DÖRDÜNCÜ MAYMUN

23 Mart 2020 Pazartesi

KORONA VE DEĞİŞİM




Değişmeyen tek şey değişimdir, demişler.
Korana günleri süresince bunu daha iyi anladık.
Öncelikle bu virüs bir değişim süresinden geçti zaten, öteden beri bilinen başka bir virüsmüş ama zaman içinde mutasyona uğrayıp yani evrim geçirip bugünkü haline gelmiş.
Evrim teorisine şiddetle karşı olup, ders kitaplarından bu konuyu çıkartanlar şimdi bundan bahsetmekte dolayısıyla onların da bir değişim sürecine girdiğini söyleyebiliriz
Asırlar sonra ilk kez Cuma namazını yasaklayıp bunu da minarelerden Türkçe olarak “Evinizde kılın” diye bildirmelerini başlayan bir değişimin habercisi olarak görebiliriz.
Hristiyan aleminde de Papa, “Günah çıkarma için kiliseye gelip papazın karşısına geçmenize gerek yok, evinizden Tanrı’yla direkt olarak konuşabilirsiniz, bizi bulaştırmayın aranızda halledin.”, açıklaması manevi dünyadaki değişimin küresel boyutta olduğunu göstermektedir. Havralarda da benzer eğilimler görülmektedir.

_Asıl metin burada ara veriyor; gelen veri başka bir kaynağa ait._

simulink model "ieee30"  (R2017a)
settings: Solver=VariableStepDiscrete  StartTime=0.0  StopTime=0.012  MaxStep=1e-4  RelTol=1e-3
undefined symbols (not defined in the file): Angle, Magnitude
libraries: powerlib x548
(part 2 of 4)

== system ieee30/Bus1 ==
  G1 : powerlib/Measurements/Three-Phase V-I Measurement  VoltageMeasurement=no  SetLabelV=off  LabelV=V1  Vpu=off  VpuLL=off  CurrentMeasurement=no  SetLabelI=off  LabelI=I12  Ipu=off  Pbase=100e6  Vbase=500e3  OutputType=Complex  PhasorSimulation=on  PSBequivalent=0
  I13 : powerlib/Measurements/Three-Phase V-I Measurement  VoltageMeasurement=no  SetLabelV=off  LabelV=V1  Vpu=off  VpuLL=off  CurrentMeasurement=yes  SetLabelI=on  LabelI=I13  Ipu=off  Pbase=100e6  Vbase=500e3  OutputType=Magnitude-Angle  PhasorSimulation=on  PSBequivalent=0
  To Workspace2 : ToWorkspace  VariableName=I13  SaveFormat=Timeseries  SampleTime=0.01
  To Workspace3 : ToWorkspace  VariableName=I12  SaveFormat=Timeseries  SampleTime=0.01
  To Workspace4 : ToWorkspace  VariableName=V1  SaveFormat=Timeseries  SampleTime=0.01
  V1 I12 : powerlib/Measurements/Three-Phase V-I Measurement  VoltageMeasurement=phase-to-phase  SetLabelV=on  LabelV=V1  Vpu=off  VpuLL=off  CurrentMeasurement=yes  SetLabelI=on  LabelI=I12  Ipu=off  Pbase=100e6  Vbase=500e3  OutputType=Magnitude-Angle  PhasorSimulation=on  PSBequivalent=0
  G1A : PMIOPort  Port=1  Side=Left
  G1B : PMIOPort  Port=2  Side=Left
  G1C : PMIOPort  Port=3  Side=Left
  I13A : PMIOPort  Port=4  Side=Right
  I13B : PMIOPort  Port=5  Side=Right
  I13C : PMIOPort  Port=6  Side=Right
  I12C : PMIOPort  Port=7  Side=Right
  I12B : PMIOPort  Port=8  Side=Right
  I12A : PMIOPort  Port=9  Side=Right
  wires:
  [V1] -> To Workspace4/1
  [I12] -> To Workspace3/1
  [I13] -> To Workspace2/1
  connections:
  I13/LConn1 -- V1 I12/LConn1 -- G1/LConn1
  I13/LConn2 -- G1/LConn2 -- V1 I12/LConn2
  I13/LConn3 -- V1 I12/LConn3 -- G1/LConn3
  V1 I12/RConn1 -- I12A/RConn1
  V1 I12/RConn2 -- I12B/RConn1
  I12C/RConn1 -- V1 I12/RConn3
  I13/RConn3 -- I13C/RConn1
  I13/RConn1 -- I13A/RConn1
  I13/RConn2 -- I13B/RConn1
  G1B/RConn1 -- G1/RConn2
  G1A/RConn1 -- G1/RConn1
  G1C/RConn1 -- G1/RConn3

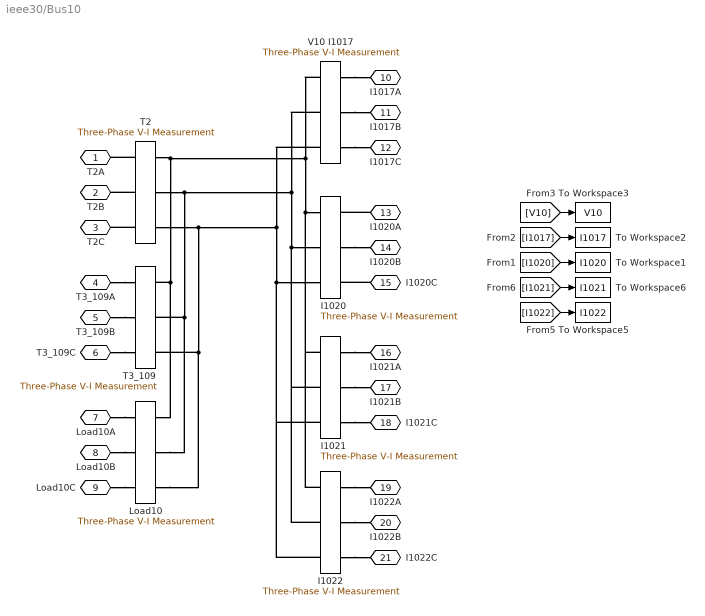
== system ieee30/Bus10 ==
  I1020 : powerlib/Measurements/Three-Phase V-I Measurement  VoltageMeasurement=no  SetLabelV=off  LabelV=V10  Vpu=off  VpuLL=off  CurrentMeasurement=yes  SetLabelI=on  LabelI=I1020  Ipu=off  Pbase=100e6  Vbase=500e3  OutputType=Magnitude-Angle  PhasorSimulation=on  PSBequivalent=0
  I1021 : powerlib/Measurements/Three-Phase V-I Measurement  VoltageMeasurement=no  SetLabelV=off  LabelV=V10  Vpu=off  VpuLL=off  CurrentMeasurement=yes  SetLabelI=on  LabelI=I1021  Ipu=off  Pbase=100e6  Vbase=500e3  OutputType=Magnitude-Angle  PhasorSimulation=on  PSBequivalent=0
  I1022 : powerlib/Measurements/Three-Phase V-I Measurement  VoltageMeasurement=no  SetLabelV=off  LabelV=V10  Vpu=off  VpuLL=off  CurrentMeasurement=yes  SetLabelI=on  LabelI=I1022  Ipu=off  Pbase=100e6  Vbase=500e3  OutputType=Magnitude-Angle  PhasorSimulation=on  PSBequivalent=0
  Load10 : powerlib/Measurements/Three-Phase V-I Measurement  VoltageMeasurement=no  SetLabelV=off  LabelV=Vabc  Vpu=off  VpuLL=off  CurrentMeasurement=no  SetLabelI=off  LabelI=Iabc  Ipu=off  Pbase=100e6  Vbase=500e3  OutputType=Complex  PhasorSimulation=on  PSBequivalent=0
  T2 : powerlib/Measurements/Three-Phase V-I Measurement  VoltageMeasurement=no  SetLabelV=off  LabelV=Vabc  Vpu=off  VpuLL=off  CurrentMeasurement=no  SetLabelI=off  LabelI=Iabc  Ipu=off  Pbase=100e6  Vbase=500e3  OutputType=Complex  PhasorSimulation=on  PSBequivalent=0
  T3_109 : powerlib/Measurements/Three-Phase V-I Measurement  VoltageMeasurement=no  SetLabelV=off  LabelV=Vabc  Vpu=off  VpuLL=off  CurrentMeasurement=no  SetLabelI=off  LabelI=Iabc  Ipu=off  Pbase=100e6  Vbase=500e3  OutputType=Complex  PhasorSimulation=on  PSBequivalent=0
  To Workspace1 : ToWorkspace  VariableName=I1020  SaveFormat=Timeseries  SampleTime=0.01
  To Workspace2 : ToWorkspace  VariableName=I1017  SaveFormat=Timeseries  SampleTime=0.01
  To Workspace3 : ToWorkspace  VariableName=V10  SaveFormat=Timeseries  SampleTime=0.01
  To Workspace5 : ToWorkspace  VariableName=I1022  SaveFormat=Timeseries  SampleTime=0.01
  To Workspace6 : ToWorkspace  VariableName=I1021  SaveFormat=Timeseries  SampleTime=0.01
  V10 I1017 : powerlib/Measurements/Three-Phase V-I Measurement  VoltageMeasurement=phase-to-phase  SetLabelV=on  LabelV=V10  Vpu=off  VpuLL=off  CurrentMeasurement=yes  SetLabelI=on  LabelI=I1017  Ipu=off  Pbase=100e6  Vbase=500e3  OutputType=Magnitude-Angle  PhasorSimulation=on  PSBequivalent=0
  T2A : PMIOPort  Port=1  Side=Left
  T2B : PMIOPort  Port=2  Side=Left
  T2C : PMIOPort  Port=3  Side=Left
  T3_109A : PMIOPort  Port=4  Side=Left
  T3_109B : PMIOPort  Port=5  Side=Left
  T3_109C : PMIOPort  Port=6  Side=Left
  Load10A : PMIOPort  Port=7  Side=Left
  Load10B : PMIOPort  Port=8  Side=Left
  Load10C : PMIOPort  Port=9  Side=Left
  I1017A : PMIOPort  Port=10  Side=Right
  I1017B : PMIOPort  Port=11  Side=Right
  I1017C : PMIOPort  Port=12  Side=Right
  I1020A : PMIOPort  Port=13  Side=Right
  I1020B : PMIOPort  Port=14  Side=Right
  I1020C : PMIOPort  Port=15  Side=Right
  I1021A : PMIOPort  Port=16  Side=Right
  I1021B : PMIOPort  Port=17  Side=Right
  I1021C : PMIOPort  Port=18  Side=Right
  I1022A : PMIOPort  Port=19  Side=Right
  I1022B : PMIOPort  Port=20  Side=Right
  I1022C : PMIOPort  Port=21  Side=Right
  wires:
  [I1020] -> To Workspace1/1
  [I1017] -> To Workspace2/1
  [I1022] -> To Workspace5/1
  [I1021] -> To Workspace6/1
  [V10] -> To Workspace3/1
  connections:
  T2/RConn3 -- T2C/RConn1
  T2/RConn1 -- T2A/RConn1
  T2/RConn2 -- T2B/RConn1
  T2/LConn1 -- I1022/LConn1 -- I1021/LConn1 -- I1020/LConn1 -- V10 I1017/LConn1 -- Load10/LConn1 -- T3_109/LConn1
  T2/LConn2 -- I1021/LConn2 -- I1022/LConn2 -- I1020/LConn2 -- V10 I1017/LConn2 -- Load10/LConn2 -- T3_109/LConn2
  T2/LConn3 -- Load10/LConn3 -- T3_109/LConn3 -- I1021/LConn3 -- I1022/LConn3 -- I1020/LConn3 -- V10 I1017/LConn3
  T3_109A/RConn1 -- T3_109/RConn1
  T3_109B/RConn1 -- T3_109/RConn2
  T3_109C/RConn1 -- T3_109/RConn3
  Load10C/RConn1 -- Load10/RConn3
  Load10B/RConn1 -- Load10/RConn2
  Load10A/RConn1 -- Load10/RConn1
  V10 I1017/RConn1 -- I1017A/RConn1
  V10 I1017/RConn3 -- I1017C/RConn1
  V10 I1017/RConn2 -- I1017B/RConn1
  I1020A/RConn1 -- I1020/RConn1
  I1020/RConn2 -- I1020B/RConn1
  I1020C/RConn1 -- I1020/RConn3
  I1021/RConn1 -- I1021A/RConn1
  I1021/RConn2 -- I1021B/RConn1
  I1021/RConn3 -- I1021C/RConn1
  I1022/RConn2 -- I1022B/RConn1
  I1022/RConn1 -- I1022A/RConn1
  I1022/RConn3 -- I1022C/RConn1

== system ieee30/Bus11 ==
  G11 : powerlib/Measurements/Three-Phase V-I Measurement  VoltageMeasurement=no  SetLabelV=off  LabelV=Vabc  Vpu=off  VpuLL=off  CurrentMeasurement=no  SetLabelI=off  LabelI=Iabc  Ipu=off  Pbase=100e6  Vbase=500e3  OutputType=Complex  PhasorSimulation=on  PSBequivalent=0
  T3_911 : powerlib/Measurements/Three-Phase V-I Measurement  VoltageMeasurement=no  SetLabelV=off  LabelV=Vabc  Vpu=off  VpuLL=off  CurrentMeasurement=no  SetLabelI=off  LabelI=Iabc  Ipu=off  Pbase=100e6  Vbase=500e3  OutputType=Complex  PhasorSimulation=on  PSBequivalent=0
  T3_911A : PMIOPort  Port=1  Side=Left
  T3_911B : PMIOPort  Port=2  Side=Left
  T3_911C : PMIOPort  Port=3  Side=Left
  G11A : PMIOPort  Port=4  Side=Right
  G11B : PMIOPort  Port=5  Side=Right
  G11C : PMIOPort  Port=6  Side=Right
  connections:
  T3_911/RConn1 -- T3_911A/RConn1
  T3_911/RConn2 -- T3_911B/RConn1
  G11/RConn3 -- G11C/RConn1
  G11/RConn2 -- G11B/RConn1
  G11/RConn1 -- G11A/RConn1
  T3_911/RConn3 -- T3_911C/RConn1
  T3_911/LConn1 -- G11/LConn1
  T3_911/LConn2 -- G11/LConn2
  T3_911/LConn3 -- G11/LConn3

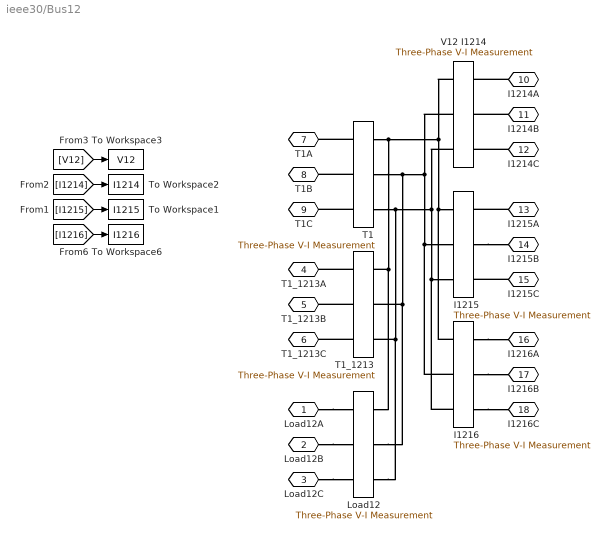
== system ieee30/Bus12 ==
  I1215 : powerlib/Measurements/Three-Phase V-I Measurement  VoltageMeasurement=no  SetLabelV=off  LabelV=V12  Vpu=off  VpuLL=off  CurrentMeasurement=yes  SetLabelI=on  LabelI=I1215  Ipu=off  Pbase=100e6  Vbase=500e3  OutputType=Magnitude-Angle  PhasorSimulation=on  PSBequivalent=0
  I1216 : powerlib/Measurements/Three-Phase V-I Measurement  VoltageMeasurement=no  SetLabelV=off  LabelV=V12  Vpu=off  VpuLL=off  CurrentMeasurement=yes  SetLabelI=on  LabelI=I1216  Ipu=off  Pbase=100e6  Vbase=500e3  OutputType=Magnitude-Angle  PhasorSimulation=on  PSBequivalent=0
  Load12 : powerlib/Measurements/Three-Phase V-I Measurement  VoltageMeasurement=no  SetLabelV=off  LabelV=V12  Vpu=off  VpuLL=off  CurrentMeasurement=no  SetLabelI=off  LabelI=I1214  Ipu=off  Pbase=100e6  Vbase=500e3  OutputType=Complex  PhasorSimulation=on  PSBequivalent=0
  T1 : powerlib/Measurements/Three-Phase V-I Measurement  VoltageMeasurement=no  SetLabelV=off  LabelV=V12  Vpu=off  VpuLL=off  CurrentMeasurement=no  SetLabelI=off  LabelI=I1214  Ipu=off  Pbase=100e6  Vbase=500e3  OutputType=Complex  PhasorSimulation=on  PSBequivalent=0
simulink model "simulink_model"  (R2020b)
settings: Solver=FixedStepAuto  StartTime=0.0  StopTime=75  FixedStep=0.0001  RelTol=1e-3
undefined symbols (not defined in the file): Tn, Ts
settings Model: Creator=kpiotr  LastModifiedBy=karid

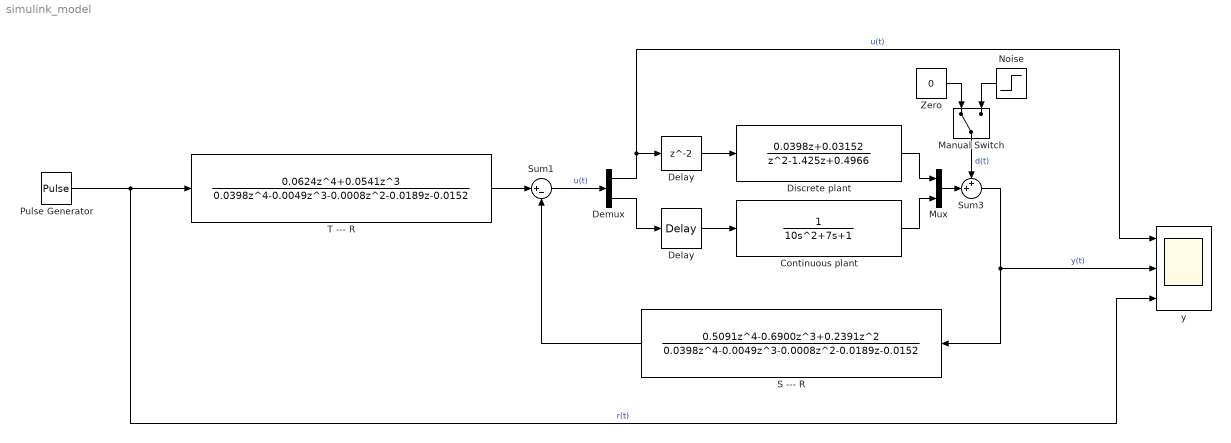
== system simulink_model ==
  Continuous plant : TransferFcn  Denominator=[10 7 1]
  Delay : TransportDelay  DelayTime=2  BufferSize=128000
  "Delay " : Delay  SampleTime=Ts
  Demux : Demux  Outputs=2
  Discrete plant : DiscreteTransferFcn  Numerator=[0.0398 0.03152]  Denominator=[1 -1.425 0.4966]  SampleTime=Ts
  Manual Switch : ManualSwitch
  Mux : Mux  Inputs=2
  Noise : Step  Time=30  SampleTime=0
  Pulse Generator : DiscretePulseGenerator  PulseType=Time based  Period=20 * Tn  PulseWidth=50  PhaseDelay=1
  S --- R : DiscreteTransferFcn  Numerator=[0.5091 -0.6900 0.2391 0 0]  Denominator=[0.0398 -0.0049 -0.0008 -0.0189 -0.0152]  SampleTime=Ts
  Sum1 : Sum  Inputs=|+-
  Sum3 : Sum  Inputs=++|
  T --- R : DiscreteTransferFcn  Description=""  Numerator=[0.0624 0.0541 0 0 0]  Denominator=[0.0398 -0.0049 -0.0008 -0.0189 -0.0152]  SampleTime=Ts
  Zero : Constant  Value=0  OutDataTypeStr=Inherit: Inherit via back propagation
  y : Scope  NumInputPorts=3
  wires:
  Pulse Generator/1 -> y/3, T --- R/1  "r(t)"
  Sum1/1 -> Demux/1  "u(t)"
  Sum3/1 -> S --- R/1, y/2  "y(t)"
  Delay/1 -> Continuous plant/1
  Discrete plant/1 -> Mux/1
  Demux/1 -> "Delay "/1, y/1  "u(t)"
  "Delay "/1 -> Discrete plant/1
  Continuous plant/1 -> Mux/2
  Mux/1 -> Sum3/2
  Demux/2 -> Delay/1
  S --- R/1 -> Sum1/2
  T --- R/1 -> Sum1/1
  Manual Switch/1 -> Sum3/1  "d(t)"
  Noise/1 -> Manual Switch/2
  Zero/1 -> Manual Switch/1

Bunun yanında her türlü özgürlüğü savunan, her türlü yasağa karşı, faşizme karşı omuz omuza savunan demokrat, sosyalist, devrimciler virüs karşısında herkesten önce “Sokağa çıkma yasağı gelsin” demeye başlamış ama aynı şekilde her türlü baskıyı her türlü yasağı her fırsatta uygulayan iktidar “Durun hele, bekleyelim, bakalım” aşamasına gelmiştir.
Değişim inanılmaz bir hızla kendini göstermiştir.
Bazı kesimler bu virüs meselesinden sonra epey rahatladılar bu kesin.
Artık ne Suriye, ne İdlip, ne S-400, ne mülteci sorunu hepsi unutuldu gitti.
Kimine Allah’ın gazabı kimine göre Allah’ın lütfu!

Komplo teorisyenleri bu virüsün toplumu yeniden formatlayıp istenilen değişikliklere uğratmak için bilinçli olarak yaratıldığını söylemektedirler. Paralar mikrop saçtığı için tamamen sanal paraya geçilecek, insanların alışkanlıkları değiştirilecek türünden varsayımlar yaşananlara bakılırsa çok da mantıksız değil.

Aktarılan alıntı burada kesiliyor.